This is an alpha release of the training script. Please try it and let me know which problems you experience!
An example script of training BART, an encoder-decoder that is trained on the objective of denoising tokens and spans.
This code builds on the Flax example and the data collator was ported from fairseq to a collator format rather than a dataset (i.e., batched).
Inspired by the process here.
python prepare_tokenizer.py \
oscar \
--dataset_config_name unshuffled_deduplicated_nl \
--dataset_split train \
--dout ./my-bart-model
python prepare_config.py \
--pretrained_model_name facebook/bart-base \
--dout ./my-bart-model
python run_bart_dlm.py \
--config_name ./my-bart-model \
--tokenizer_name ./my-bart-model \
--dataset_name oscar \
--dataset_config_name unshuffled_deduplicated_nl \
--output_dir ./my-bart-model \
--do_train \
--do_eval
As part of BART, the sentences in a sample may be permuted (reordered). To detect sentences for each sample, we need
sentence splitting. By dfault, we'll use NLTK's English punct sentence splitter but by passing a spaCy model name
to spacy_model
(e.g. en_core_web_sm
) you can also rely on spaCy for better (but slower) sentence splitting.

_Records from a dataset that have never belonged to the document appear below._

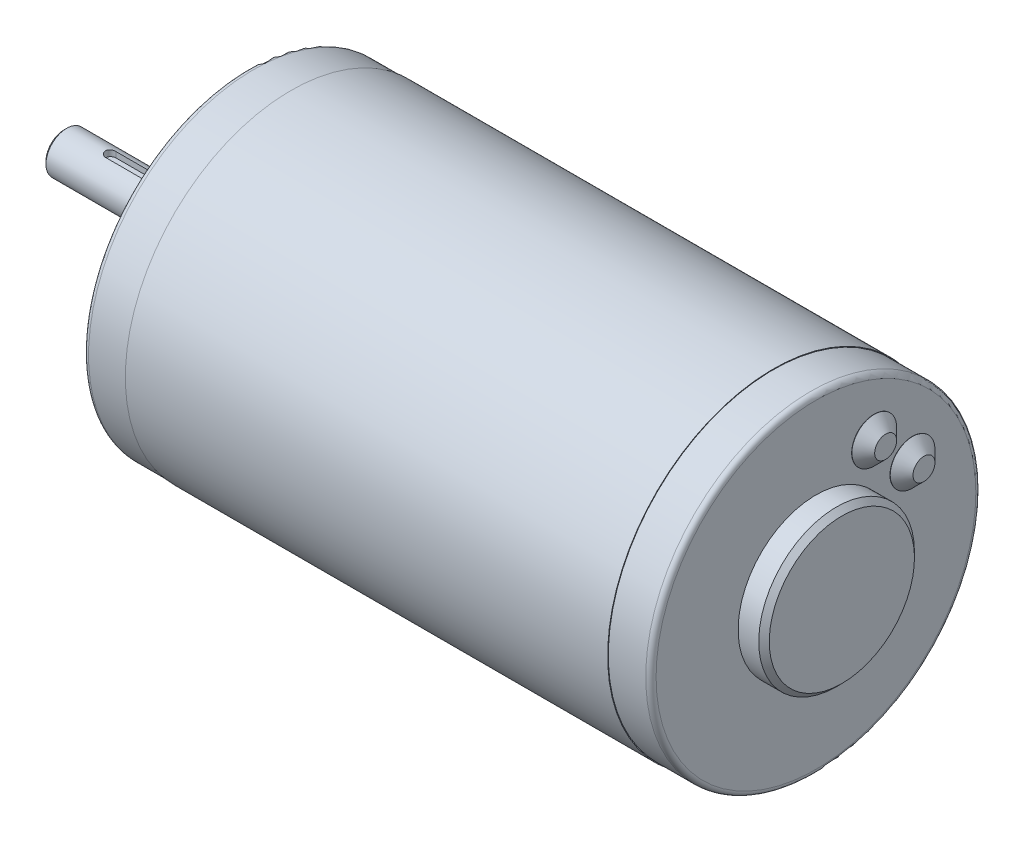
ISO-10303-21;
HEADER;
FILE_DESCRIPTION(('STEP AP214'),'2;1');
FILE_NAME('part.step','',(''),(''),'','','');
FILE_SCHEMA(('AUTOMOTIVE_DESIGN { 1 0 10303 214 1 1 1 1 }'));
ENDSEC;
DATA;
#1=APPLICATION_CONTEXT('core data for automotive mechanical design processes');
#2=APPLICATION_PROTOCOL_DEFINITION('international standard','automotive_design',2000,#1);
#3=PRODUCT_CONTEXT('',#1,'mechanical');
#4=PRODUCT('Part','Part','',(#3));
#5=PRODUCT_RELATED_PRODUCT_CATEGORY('part','',(#4));
#6=PRODUCT_DEFINITION_FORMATION('','',#4);
#7=PRODUCT_DEFINITION_CONTEXT('part definition',#1,'design');
#8=PRODUCT_DEFINITION('design','',#6,#7);
#9=PRODUCT_DEFINITION_SHAPE('','',#8);
#10=(LENGTH_UNIT() NAMED_UNIT(*) SI_UNIT(.MILLI.,.METRE.));
#11=(NAMED_UNIT(*) PLANE_ANGLE_UNIT() SI_UNIT($,.RADIAN.));
#12=(NAMED_UNIT(*) SI_UNIT($,.STERADIAN.) SOLID_ANGLE_UNIT());
#13=UNCERTAINTY_MEASURE_WITH_UNIT(LENGTH_MEASURE(1.E-05),#10,'distance_accuracy_value','');
#14=(GEOMETRIC_REPRESENTATION_CONTEXT(3) GLOBAL_UNCERTAINTY_ASSIGNED_CONTEXT((#13)) GLOBAL_UNIT_ASSIGNED_CONTEXT((#10,
#11,#12)) REPRESENTATION_CONTEXT('',''));
#15=CARTESIAN_POINT('',(0.,0.,0.));
#16=DIRECTION('',(0.,0.,1.));
#17=DIRECTION('',(1.,0.,0.));
#18=AXIS2_PLACEMENT_3D('',#15,#16,#17);
#19=CARTESIAN_POINT('',(-27.6,2.79999999999999,-1.));
#20=DIRECTION('',(0.,-1.,0.));
#21=DIRECTION('',(0.,0.,-1.));
#22=AXIS2_PLACEMENT_3D('',#19,#20,#21);
#23=PLANE('',#22);
#24=CARTESIAN_POINT('',(-7.1,2.79999999999999,0.));
#25=DIRECTION('',(0.,1.,0.));
#26=DIRECTION('',(0.,0.,1.));
#27=AXIS2_PLACEMENT_3D('',#24,#25,#26);
#28=CIRCLE('',#27,1.);
#29=CARTESIAN_POINT('',(-7.1,2.79999999999999,1.));
#30=VERTEX_POINT('',#29);
#31=CARTESIAN_POINT('',(-7.1,2.79999999999999,-1.));
#32=VERTEX_POINT('',#31);
#33=EDGE_CURVE('E80',#30,#32,#28,.T.);
#34=ORIENTED_EDGE('',*,*,#33,.T.);
#35=DIRECTION('',(1.,0.,0.));
#36=VECTOR('',#35,1.);
#37=CARTESIAN_POINT('',(-27.6,2.79999999999999,-1.));
#38=LINE('',#37,#36);
#39=CARTESIAN_POINT('',(-26.6,2.79999999999999,-1.));
#40=VERTEX_POINT('',#39);
#41=EDGE_CURVE('E75',#40,#32,#38,.T.);
#42=ORIENTED_EDGE('',*,*,#41,.F.);
#43=CARTESIAN_POINT('',(-26.6,2.79999999999999,0.));
#44=DIRECTION('',(0.,-1.,0.));
#45=DIRECTION('',(0.,0.,-1.));
#46=AXIS2_PLACEMENT_3D('',#43,#44,#45);
#47=CIRCLE('',#46,1.);
#48=CARTESIAN_POINT('',(-26.6,2.79999999999999,1.));
#49=VERTEX_POINT('',#48);
#50=EDGE_CURVE('E77',#40,#49,#47,.F.);
#51=ORIENTED_EDGE('',*,*,#50,.T.);
#52=DIRECTION('',(1.,0.,0.));
#53=VECTOR('',#52,1.);
#54=CARTESIAN_POINT('',(-27.6,2.79999999999999,1.));
#55=LINE('',#54,#53);
#56=EDGE_CURVE('E103',#49,#30,#55,.T.);
#57=ORIENTED_EDGE('',*,*,#56,.T.);
#58=EDGE_LOOP('',(#34,#42,#51,#57));
#59=FACE_BOUND('',#58,.T.);
#60=ADVANCED_FACE('F17',(#59),#23,.F.);
#61=CARTESIAN_POINT('',(-35.6,0.,0.));
#62=DIRECTION('',(-1.,0.,0.));
#63=DIRECTION('',(0.,0.,1.));
#64=AXIS2_PLACEMENT_3D('',#61,#62,#63);
#65=PLANE('',#64);
#66=CARTESIAN_POINT('',(-35.6000000000449,0.,0.));
#67=DIRECTION('',(1.,0.,0.));
#68=DIRECTION('',(0.,0.,-1.));
#69=AXIS2_PLACEMENT_3D('',#66,#67,#68);
#70=CIRCLE('',#69,3.49999999997408);
#71=CARTESIAN_POINT('',(-35.6000000000449,0.,-3.49999999997408));
#72=VERTEX_POINT('',#71);
#73=EDGE_CURVE('E325',#72,#72,#70,.T.);
#74=ORIENTED_EDGE('',*,*,#73,.F.);
#75=EDGE_LOOP('',(#74));
#76=FACE_BOUND('',#75,.T.);
#77=ADVANCED_FACE('F576',(#76),#65,.T.);
#78=CARTESIAN_POINT('',(-26.6,3.87298334620741,0.));
#79=DIRECTION('',(0.,-1.,0.));
#80=DIRECTION('',(0.,0.,-1.));
#81=AXIS2_PLACEMENT_3D('',#78,#79,#80);
#82=CYLINDRICAL_SURFACE('',#81,1.);
#83=CARTESIAN_POINT('',(-26.6,3.87298334620741,1.));
#84=CARTESIAN_POINT('',(-26.6276629851065,3.87298148580177,1.00000033749611));
#85=CARTESIAN_POINT('',(-26.6553122630182,3.8732800994947,0.998851407375366));
#86=CARTESIAN_POINT('',(-26.7104040353036,3.87445904774558,0.994271295395754));
#87=CARTESIAN_POINT('',(-26.7378465636871,3.87533928441687,0.990840497572679));
#88=CARTESIAN_POINT('',(-26.8194531732088,3.87881710972053,0.977175239382526));
#89=CARTESIAN_POINT('',(-26.8730564684822,3.88225203148808,0.963567695172493));
#90=CARTESIAN_POINT('',(-26.977124673782,3.89095422588002,0.927798076247996));
#91=CARTESIAN_POINT('',(-27.0275898782129,3.89622132630929,0.905636805423835));
#92=CARTESIAN_POINT('',(-27.1241114486473,3.90799134471939,0.853415378025864));
#93=CARTESIAN_POINT('',(-27.170166627891,3.91449459395647,0.823353103356932));
#94=CARTESIAN_POINT('',(-27.2575438819061,3.92816262398025,0.755484471828069));
#95=CARTESIAN_POINT('',(-27.2987548862455,3.93533791028915,0.717537268783975));
#96=CARTESIAN_POINT('',(-27.3743020894827,3.94945104396193,0.635275780516229));
#97=CARTESIAN_POINT('',(-27.4086371894679,3.95638885322537,0.59096047947883));
#98=CARTESIAN_POINT('',(-27.4699110016186,3.96936182283248,0.496456899401689));
#99=CARTESIAN_POINT('',(-27.496739895984,3.9753830468173,0.446195340334472));
#100=CARTESIAN_POINT('',(-27.5415247341967,3.98572346250588,0.341702590842916));
#101=CARTESIAN_POINT('',(-27.5594824242998,3.990042989147,0.287472184083007));
#102=CARTESIAN_POINT('',(-27.5856589927774,3.99641900005128,0.177744108525158));
#103=CARTESIAN_POINT('',(-27.5940676724228,3.998519529013,0.122294322002856));
#104=CARTESIAN_POINT('',(-27.6015033715433,4.00037438150815,0.0107327756816781));
#105=CARTESIAN_POINT('',(-27.6005315701923,4.00012899993444,-0.0453789000287067));
#106=CARTESIAN_POINT('',(-27.5893700363146,3.99735237365735,-0.155352492972096));
#107=CARTESIAN_POINT('',(-27.5793853834005,3.9948719867736,-0.209236701739855));
#108=CARTESIAN_POINT('',(-27.5508113208173,3.98796330636495,-0.31453871108434));
#109=CARTESIAN_POINT('',(-27.5322215304314,3.98353492665556,-0.365956402423988));
#110=CARTESIAN_POINT('',(-27.4867987193294,3.97314997761798,-0.46540728602454));
#111=CARTESIAN_POINT('',(-27.4598926057672,3.96717993827555,-0.513405629602248));
#112=CARTESIAN_POINT('',(-27.3986568701665,3.95435945541919,-0.604276631230015));
#113=CARTESIAN_POINT('',(-27.3643261297468,3.94750887933198,-0.64714851556229));
#114=CARTESIAN_POINT('',(-27.2881210879187,3.93345566022865,-0.727769389708492));
#115=CARTESIAN_POINT('',(-27.2460683634602,3.92624850477685,-0.765349103054128));
#116=CARTESIAN_POINT('',(-27.1561701330723,3.91246168284006,-0.832969575186237));
#117=CARTESIAN_POINT('',(-27.1083230467164,3.90588218842993,-0.863008270245062));
#118=CARTESIAN_POINT('',(-27.0078544021762,3.89407813586325,-0.914804709285961));
#119=CARTESIAN_POINT('',(-26.9552085351039,3.88886106009136,-0.936517017887269));
#120=CARTESIAN_POINT('',(-26.8468830715817,3.88047058807054,-0.970702351849828));
#121=CARTESIAN_POINT('',(-26.7912081448502,3.87729413761435,-0.983189189212131));
#122=CARTESIAN_POINT('',(-26.7125426192411,3.87455290681524,-0.993904635150938));
#123=CARTESIAN_POINT('',(-26.6900802967868,3.87396523110859,-0.996190790966708));
#124=CARTESIAN_POINT('',(-26.6450822100907,3.87318062488974,-0.999236757697394));
#125=CARTESIAN_POINT('',(-26.6225466240447,3.87298306219461,-0.999999038096045));
#126=CARTESIAN_POINT('',(-26.6,3.87298334620741,-1.));
#127=B_SPLINE_CURVE_WITH_KNOTS('',3,(#83,#84,#85,#86,#87,#88,#89,#90,#91,#92,#93,#94,#95,#96,
#97,#98,#99,#100,#101,#102,#103,#104,#105,#106,#107,#108,#109,#110,#111,#112,#113,#114,#115,
#116,#117,#118,#119,#120,#121,#122,#123,#124,#125,#126),.UNSPECIFIED.,.F.,.F.,(4,2,2,2,2,2,2,2,
2,2,2,2,2,2,2,2,2,2,2,2,2,4),(0.,0.0829365303397727,0.165859106084653,0.331229963080318,
0.496585282091499,0.661984974726751,0.830641897427976,0.999325753539196,1.17036187098235,
1.34136430732425,1.50890481515325,1.67642426256639,1.84022545479276,2.00403389475838,
2.16932509450376,2.33464120964329,2.50441429534542,2.67423379180967,2.84496720161068,
3.01544447539986,3.08315848722649,3.15076267731671),.UNSPECIFIED.);
#128=CARTESIAN_POINT('',(-26.6,3.87298334620741,1.));
#129=VERTEX_POINT('',#128);
#130=CARTESIAN_POINT('',(-26.6,3.87298334620741,-1.));
#131=VERTEX_POINT('',#130);
#132=EDGE_CURVE('E161',#129,#131,#127,.T.);
#133=ORIENTED_EDGE('',*,*,#132,.F.);
#134=DIRECTION('',(0.,1.,0.));
#135=VECTOR('',#134,1.);
#136=CARTESIAN_POINT('',(-26.6,2.79999999999999,1.));
#137=LINE('',#136,#135);
#138=EDGE_CURVE('E90',#129,#49,#137,.F.);
#139=ORIENTED_EDGE('',*,*,#138,.T.);
#140=ORIENTED_EDGE('',*,*,#50,.F.);
#141=DIRECTION('',(0.,1.,0.));
#142=VECTOR('',#141,1.);
#143=CARTESIAN_POINT('',(-26.6,2.79999999999999,-1.));
#144=LINE('',#143,#142);
#145=EDGE_CURVE('E84',#131,#40,#144,.F.);
#146=ORIENTED_EDGE('',*,*,#145,.F.);
#147=EDGE_LOOP('',(#133,#139,#140,#146));
#148=FACE_BOUND('',#147,.T.);
#149=ADVANCED_FACE('F87',(#148),#82,.F.);
#150=CARTESIAN_POINT('',(-27.6,2.79999999999999,-1.));
#151=DIRECTION('',(0.,0.,1.));
#152=DIRECTION('',(1.,0.,0.));
#153=AXIS2_PLACEMENT_3D('',#150,#151,#152);
#154=PLANE('',#153);
#155=DIRECTION('',(1.,0.,0.));
#156=VECTOR('',#155,1.);
#157=CARTESIAN_POINT('',(0.,3.87298334620741,-1.));
#158=LINE('',#157,#156);
#159=CARTESIAN_POINT('',(-7.1,3.87298334620741,-1.));
#160=VERTEX_POINT('',#159);
#161=EDGE_CURVE('E95',#131,#160,#158,.T.);
#162=ORIENTED_EDGE('',*,*,#161,.F.);
#163=ORIENTED_EDGE('',*,*,#145,.T.);
#164=ORIENTED_EDGE('',*,*,#41,.T.);
#165=DIRECTION('',(0.,1.,0.));
#166=VECTOR('',#165,1.);
#167=CARTESIAN_POINT('',(-7.1,2.79999999999999,-1.));
#168=LINE('',#167,#166);
#169=EDGE_CURVE('E98',#32,#160,#168,.T.);
#170=ORIENTED_EDGE('',*,*,#169,.T.);
#171=EDGE_LOOP('',(#162,#163,#164,#170));
#172=FACE_BOUND('',#171,.T.);
#173=ADVANCED_FACE('F93',(#172),#154,.T.);
#174=CARTESIAN_POINT('',(-7.1,2.79999999999999,0.));
#175=DIRECTION('',(0.,1.,0.));
#176=DIRECTION('',(0.,0.,1.));
#177=AXIS2_PLACEMENT_3D('',#174,#175,#176);
#178=CYLINDRICAL_SURFACE('',#177,1.);
#179=ORIENTED_EDGE('',*,*,#33,.F.);
#180=DIRECTION('',(0.,1.,0.));
#181=VECTOR('',#180,1.);
#182=CARTESIAN_POINT('',(-7.1,2.79999999999999,1.));
#183=LINE('',#182,#181);
#184=CARTESIAN_POINT('',(-7.1,3.87298334620741,1.));
#185=VERTEX_POINT('',#184);
#186=EDGE_CURVE('E104',#30,#185,#183,.T.);
#187=ORIENTED_EDGE('',*,*,#186,.T.);
#188=CARTESIAN_POINT('',(-7.1,3.87298334620741,-1.));
#189=CARTESIAN_POINT('',(-7.07233701489346,3.87298148580177,-1.00000033749611));
#190=CARTESIAN_POINT('',(-7.04468773698177,3.8732800994947,-0.998851407375366));
#191=CARTESIAN_POINT('',(-6.98959596469644,3.87445904774558,-0.994271295395754));
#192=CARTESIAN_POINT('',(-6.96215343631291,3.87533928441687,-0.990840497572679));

You can also disable sentence splitting completely with --no_sentence_splitting
. In that case, make sure the
sentences are already split with a padding token between them (<pad>
).
The defaults are set to the
given BART args. This differs from
the Flax defaults in one respect, namely poisson_lambda
, which is now set to 3.5
instead of 3.0
.
There are some differences in implementation between fairseq, the HF FLAX example, and this PyTorch implementation.
-
argwhere
in the Flax example in this position is not the same as what is happening in fairseq. In fairseq we check explicitly that the previous token was not a "full stop" (padding token) but in HF we just check whether the current token is a full stop. In the current example I also explicitly check that the next token is not a full stop, in case of padding. (However, in practice that should be a non-issue since all batches/samples should have the same sequence length and there should not be any padding.) - I found that the result of sentence permutation was not consistent in terms of where the separating pad token ended up (bug report), so I have reimplemented that method so that sentences in a sequence are still separated by a padding token, even after permutation.
- In HF FLAX, the token_mask is restricted to non-special and non-padding tokens.
In Fairseq, by default, only the first and last tokens are excluded and all others
are prone to masking. The HF implementation seems sensible so I follow that.
get_special_tokens_mask
includes the padding token, though, so no need to add that separately. - The Flax example does not include methods to add more noise. I have ported those as well.
- However, I did not adapt
add_insertion_noise
to work well with padded sequences. So the inserted noise may occur ANYWHERE. It is unclear whether this is intended behavior.
Alternatively, we could implement all this processing on the dataset level and use Dataset.map
. This has some
advantages:
- more true to fairseq implementation (sample level rather than batch level);
- cached.
... and disadvantages:
- potentially slower (not batched), although we can integrate a batched approach. But as discussed above, this will be
less true to the original fairseq implementation in
add_insertion_noise
- every sample is always processed the same. So in small datasets which are seen multiple times by the model, the same sample will always be processed the same. In a dataloader, that will not be the case because the processing occurs on every iteration rather than once before training.
- Do the padding tokens still serve a purpose after permutation? (Teaching the model to learn to detect sentence boundaries?)
- It seems that
add_insertion_noise
can insert noise anywhere, which means that it will also overwrite special tokens and that sequence don't necessarily end with a EOS token. Is that a problem?